The raw materials used in the above examples are shown below. Unless otherwise specified, the amount of each component in the table is a pure conversion amount.
Dilauroyl phosphatidylcholine: (NOF Corporation, COATSOME, MC-2020)
Dimyristoylphosphatidylcholine: (Larodane Fine Chemicals AB, 37-1400)
Myristoyl palmitoyl phosphatidylcholine: (Avanti Polar Lipids, Inc., 850445P)
Myristoyl stearoyl phosphatidylcholine: (Avanti Polar Lipids, Inc., 850446P)
Palmitoyl stearoyl phosphatidylcholine: Avanti Polar Lipids, Inc. Made by 850456P
-Distearoyl phosphatidylcholine: (Larodan Fine Chemicals AB, 37-1800)
Phosphatidylinositol: (Cayman Chemical Company, Inc., 64924)
(Phosphatidic acid: Larodan Fine Chemicals AB, 38-1660)
・ Lecithin: (Coatsome nc-50, manufactured by NOF Corporation)
-Sodium edetate (Clewat N, manufactured by Nagase ChemteX Corporation)
・ Trometa Mall (Kanto Chemical Co., Ltd.)
・ Boric acid (manufactured by Obuchi Pharmaceutical Co., Ltd.)
・ Bosand (manufactured by Kosuge Pharmaceutical Co., Ltd.)
・ Sodium chloride (Wako Pure Chemical Industries, Ltd.)
・ Potassium chloride (manufactured by Wako Pure Chemical Industries, Ltd.)
・ Sodium hydroxide (Wako Pure Chemical Industries, Ltd.)
・ Diluted hydrochloric acid (Wako Pure Chemical Industries, Ltd.)

Claims (11)

  An ophthalmic composition containing phosphatidylcholine having an acyl group having 12, 14, 16 or 18 carbon atoms and an acyl group having 12 or 14 carbon atoms. Phosphatidylcholine is represented by the following formula (1)
(Wherein R ¹ —C (═O) is an acyl group having 12 or 14 carbon atoms, and R ² —C (═O) is an acyl group having 12, 14, 16 or 18 carbon atoms. )

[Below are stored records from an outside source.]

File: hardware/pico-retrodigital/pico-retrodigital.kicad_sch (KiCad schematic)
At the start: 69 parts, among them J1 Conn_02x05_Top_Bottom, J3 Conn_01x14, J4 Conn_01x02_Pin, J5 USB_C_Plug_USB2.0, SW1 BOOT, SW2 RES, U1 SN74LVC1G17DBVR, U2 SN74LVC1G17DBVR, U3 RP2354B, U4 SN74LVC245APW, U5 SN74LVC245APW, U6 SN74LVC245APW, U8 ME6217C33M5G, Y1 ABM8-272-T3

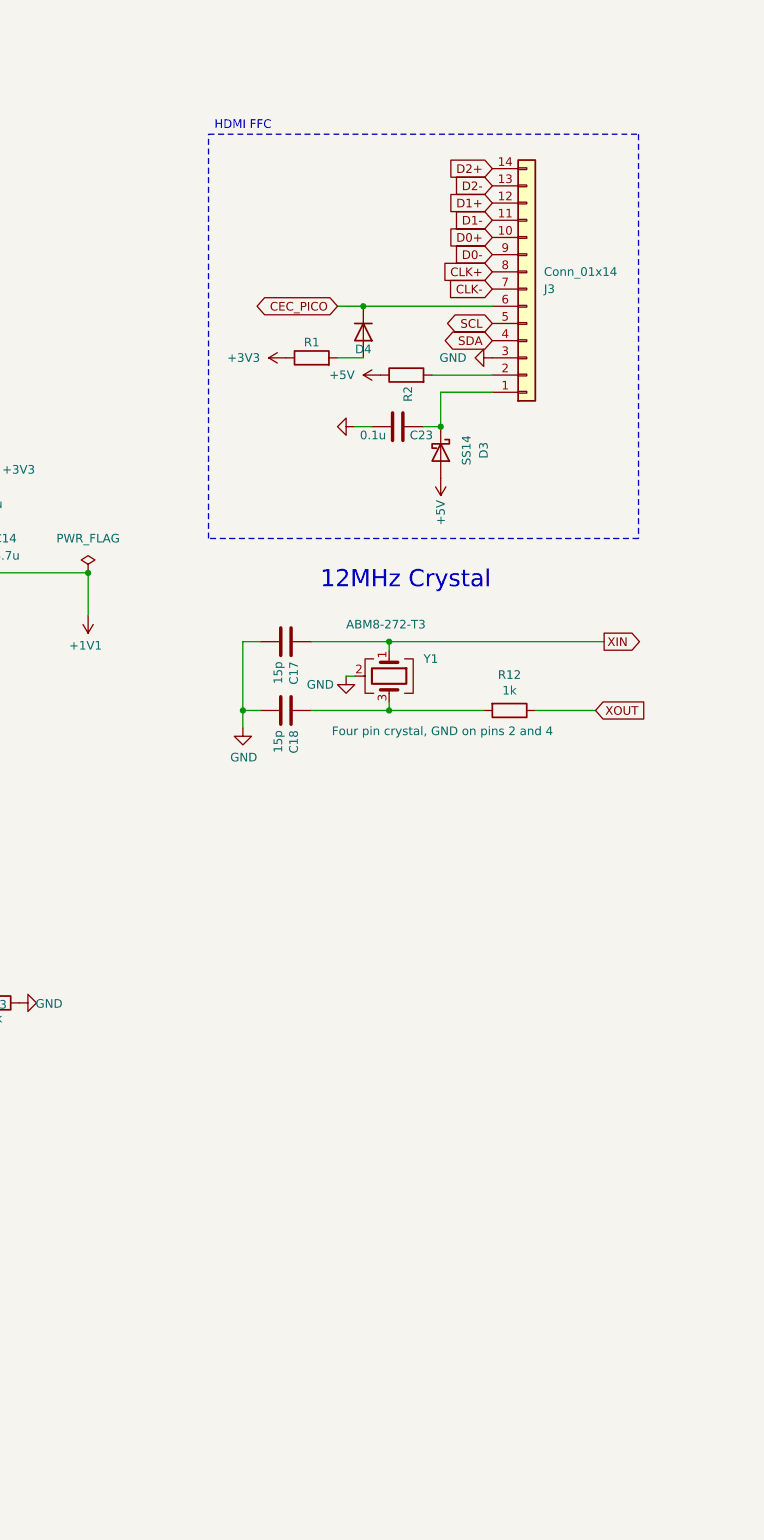
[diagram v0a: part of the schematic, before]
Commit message: Two HDMI out connectors
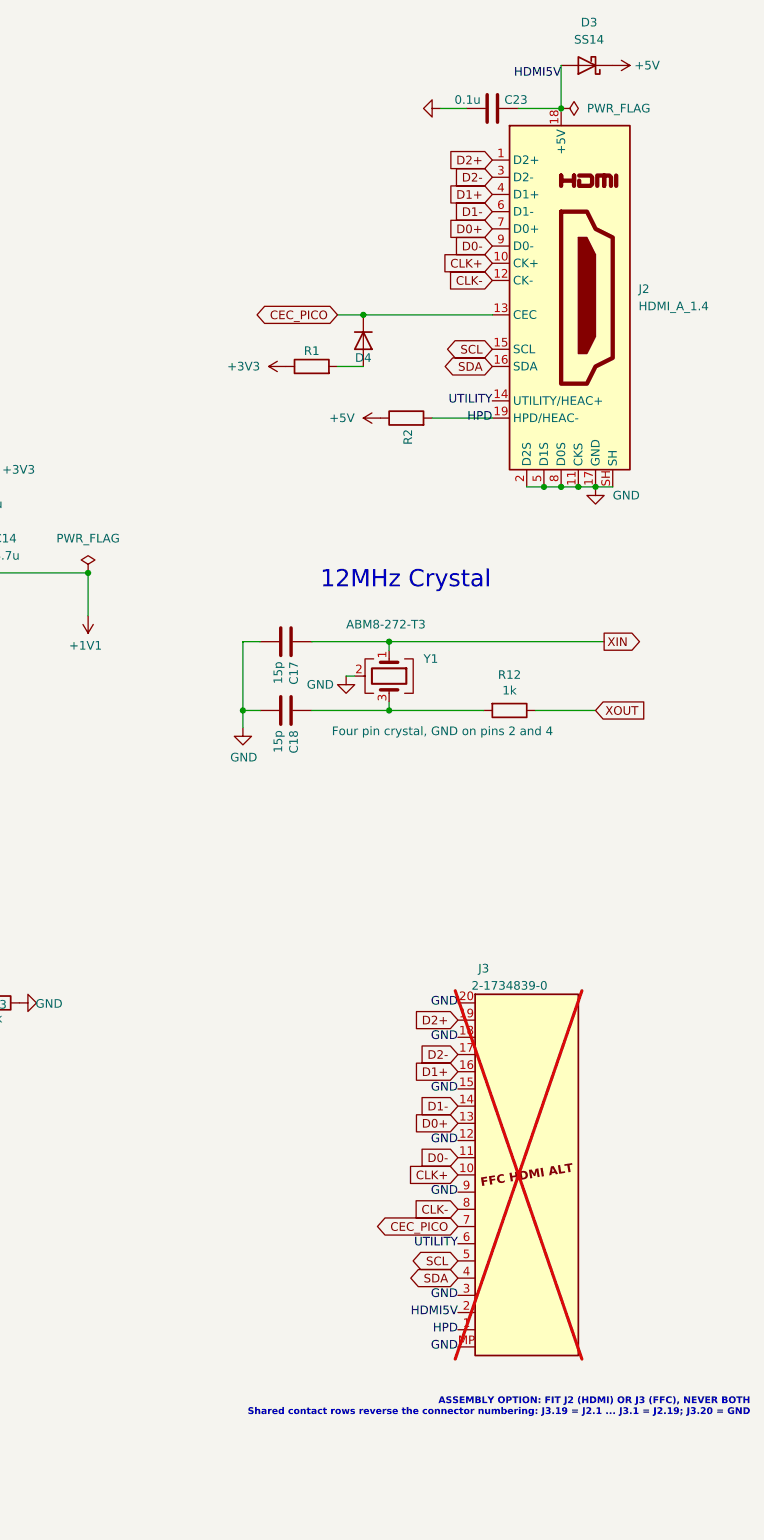
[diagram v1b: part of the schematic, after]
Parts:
- removed J3: Conn_01x14, Connector_FFC-FPC:TE_1-1734839-4_1x14-1MP_P0.5mm_Horizontal, symbol Connector_Generic:Conn_01x14
- added J2: HDMI_A_1.4, Connector_Video:HDMI_A_Molex_208658-1001_Horizontal, symbol Connector:HDMI_A_1.4
- added J3: 2-1734839-0, Connector_FFC-FPC:TE_2-1734839-0_1x20-1MP_P0.5mm_Horizontal, symbol pico-retrodigital:HDMI_FFC_20_Alternate
- C19: footprint Capacitor_THT:CP_Radial_D4.0mm_P2.00mm -> Capacitor_SMD:C_Elec_5x5.4
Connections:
- net +5V: now also D3.1 (K); no longer D3.2 (A)
- net CEC_PICO: now also J2.13 (CEC), J3.7 (CEC)
- net CLK+: now also J2.10 (CK+), J3.10 (CLK+)
- net CLK-: now also J2.12 (CK-), J3.8 (CLK-)
- net D0+: now also J2.7 (D0+), J3.13 (D0+)
- net D0-: now also J2.9 (D0-), J3.11 (D0-)
- net D1+: now also J2.4 (D1+), J3.16 (D1+)
- net D1-: now also J2.6 (D1-), J3.14 (D1-)
- net D2+: now also J2.1 (D2+), J3.19 (D2+)
- net D2-: now also J2.3 (D2-), J3.17 (D2-)
- net GND: now also J2.11 (CKS), J2.17 (GND), J2.2 (D2S), J2.5 (D1S), J2.8 (D0S), J2.SH, J3.12 (GND), J3.15 (GND), J3.18 (GND), J3.20 (GND), J3.3 (GND), J3.9 (GND), J3.MP (SHIELD)
- net SCL: now also J2.15 (SCL), J3.5 (SCL)
- net SDA: now also J2.16 (SDA), J3.4 (SDA)
- net HDMI5V: now reaches C23.1
- net HDMI5V: now also D3.2 (A), J2.18 (+5V), J3.2 (+5V); no longer D3.1 (K)
- net HPD: now reaches R2.2
- net HPD: now also J2.19 (HPD/HEAC-), J3.1 (HPD)
- new net UTILITY: J2.14 (UTILITY/HEAC+), J3.6 (UTILITY)
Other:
- note added: "ASSEMBLY OPTION: FIT J2 (HDMI) OR J3 (FFC), NEVER BOTH Shared contact rows reverse the connector numbering: J3.19 = J2.1 ... J3.1 = J2.19; J3.20 = GND"
- note removed: "HDMI FFC"
- moved on the sheet: D4, R1

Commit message: Source everything from JLC: LCSC part fill, connector swaps, fab export fixes
- Fill LCSC/MPN fields across the BOM (fill_lcsc script + curated picks);
  replace generic values with specific parts (diodes, LEDs, polyfuse,
  ferrite bead, switches)
- C19: SMD electrolytic -> 47uF 1206 MLCC (keeps Economic assembly)
- J1/J3: TE 1734839 FFC -> LCSC-stocked double-sided-contact parts
  (AFC24-S32FIA-00 / Molex 5034802000), project-local footprints
- J5: GCT USB4105 -> HRO TYPE-C-31-M-12 (C165948)
- D3/D4: SS14 -> true 0603 Schottky (CD0603-B0340R)
- Fabrication Toolkit rotation offsets for J2/U3; J3/J4 DNP and
  excluded from BOM/CPL; remove duplicate C5 footprint
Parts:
- C1, C11, C16, C20, C21, C22, C23, C3, C4, C5, C6, C7, C8, C9: LCSC (none) -> C1525
- C10, C12: LCSC (none) -> C15525
- C13, C15: LCSC (none) -> C23733
- C14: LCSC (none) -> C19666
- C17, C18: LCSC (none) -> C1548
- C19: footprint Capacitor_SMD:C_Elec_5x5.4 -> Capacitor_SMD:C_1206_3216Metric; LCSC (none) -> C96123; MPN (none) -> CL31A476MPHNNNE
- C2: LCSC (none) -> C14663
- C24, C25, C26: LCSC C1711 -> C1525
- D1: value D_Schottky -> DSK14; LCSC (none) -> C7502711
- D2: value D_Schottky -> DSK14; LCSC C37049 -> C7502711; MPN (none) -> DSK14
- D3, D4: value SS14 -> CD0603-B0340R; LCSC (none) -> C3759853; MPN (none) -> CD0603-B0340R
- D5: value LED -> GREEN; LCSC (none) -> C2289; MPN (none) -> KT-0603YG
- D6: value LED -> RED; LCSC (none) -> C2286; MPN (none) -> KT-0603R
- F1: value Polyfuse -> 500mA; LCSC (none) -> C883095; MPN (none) -> BSMD0603-050-6V
- FB1: value FerriteBead -> 600R@100MHz; LCSC (none) -> C85833; MPN (none) -> BLM18KG601SN1D
- J1: value Conn_02x05_Top_Bottom -> AFC24-S32FIA-00; footprint Connector_FFC-FPC:TE_3-1734839-2_1x32-1MP_P0.5mm_Horizontal -> pico-retrodigital:FPC-SMD_P0.50-32P_JS_AFC24-S32FIA-00; LCSC (none) -> C2908587; MPN (none) -> AFC24-S32FIA-00
- J2: FT Rotation Offset (none) -> 90; LCSC (none) -> C138388; MPN (none) -> HDMI-001 19PCBTP
- J3: value 2-1734839-0 -> 5034802000; footprint Connector_FFC-FPC:TE_2-1734839-0_1x20-1MP_P0.5mm_Horizontal -> pico-retrodigital:FPC-SMD_5034802000; LCSC (none) -> C234192; MPN (none) -> 5034802000; now left out of the parts list
- J4: LCSC (none) -> C263753; MPN (none) -> B02B-XASK-1(LF)(SN); now not fitted; now left out of the parts list
- J5: footprint Connector_USB:USB_C_Receptacle_GCT_USB4105-xx-A_16P_TopMnt_Horizontal -> pico-retrodigital:USB_C_Receptacle_HRO_TYPE-C-31-M-12; LCSC C963370 -> C165948; MPN (none) -> TYPE-C-31-M-12
- R1: LCSC (none) -> C25771
- R10, R3, R4, R5, R6, R7, R8, R9: LCSC (none) -> C25091
- R11, R12, R13: LCSC (none) -> C11702
- R14, R20: LCSC (none) -> C4109
- R15: LCSC (none) -> C25105
- R16, R17: LCSC (none) -> C25190
- R18, R19: LCSC (none) -> C23186
- R2: LCSC (none) -> C25804
- SW1: value BOOT -> K2-1808SN-A4SW-01; JLCPCB C92589 -> (none); LCSC (none) -> C92589
- SW2: value RES -> K2-1808SN-A4SW-01; JLCPCB C92589 -> (none); LCSC (none) -> C92589
- U1, U2: LCSC (none) -> C7836
- U3: FT Rotation Offset (none) -> -90; LCSC (none) -> C39843328
- U4, U5, U6: LCSC (none) -> C7848
- U8: LCSC (none) -> C427602
- Y1: LCSC (none) -> C20625731
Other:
- note added: "BOOT"
- note added: "RES"

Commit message: Add SW3/SW4 user buttons on GPIO4/GPIO5; 4-layer board
- Two new pushbuttons (same K2-1808SN as BOOT/RES) with 1k series
  resistors to GND, routed on In1.Cu
- Board converted to 4 copper layers, JLC7628 1.6mm stackup documented;
  inner layers are plain signal layers
- USB-C J5: FT Position Offset 1.42mm (JLC part origin vs KiCad anchor,
  measured via shell-hole alignment against JLC's own footprint)
- Restore GPIO6 no-connect marker
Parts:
- added R21, R22: 1k, Resistor_SMD:R_0402_1005Metric, symbol Device:R
- added SW3, SW4: K2-1808SN-A4SW-01, Button_Switch_SMD:SW_Push_1P1T_NO_Vertical_Wuerth_434133025816, symbol Switch:SW_Push
- J5: FT Position Offset (none) -> 0,1.42
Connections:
- net GND: now also R21.1, R22.1
- net at U3.1 (GPIO4): now also SW3.2
- net at U3.2 (GPIO5): now also SW4.2
- new net: R22.2, SW4.1
- new net: R21.2, SW3.1
- no-connect marks 20 -> 18
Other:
- note added: "MENU"
- note added: "SEL"

The ophthalmic composition according to claim 1, which is a compound represented by the formula:   The ophthalmic composition according to claim 1 or 2, wherein the content of phosphatidylcholine is 0.01 to 2.5 W / V%.   The ophthalmic composition according to any one of claims 1 to 3, which is an eye drop or an eye wash.   It is for soft contact lens wearers, The ophthalmic composition of any one of Claims 1-4.   The ophthalmic composition according to any one of claims 1 to 5, which is used for patients with meibomian gland dysfunction.   The ophthalmic composition according to any one of claims 1 to 5, which is for dry eye patients.   The ophthalmic composition according to any one of claims 1 to 5, which is used for patients with eye strain.   The ophthalmic composition according to any one of claims 1 to 5, which contains the phosphatidylcholine as an active ingredient and is a tear film oil film stabilizer.   The ophthalmic composition according to any one of claims 1 to 5, which contains the phosphatidylcholine as an active ingredient and is a dry eye improving agent.   The ophthalmic composition according to any one of claims 1 to 5, which contains the phosphatidylcholine as an active ingredient and is an eye strain improving agent.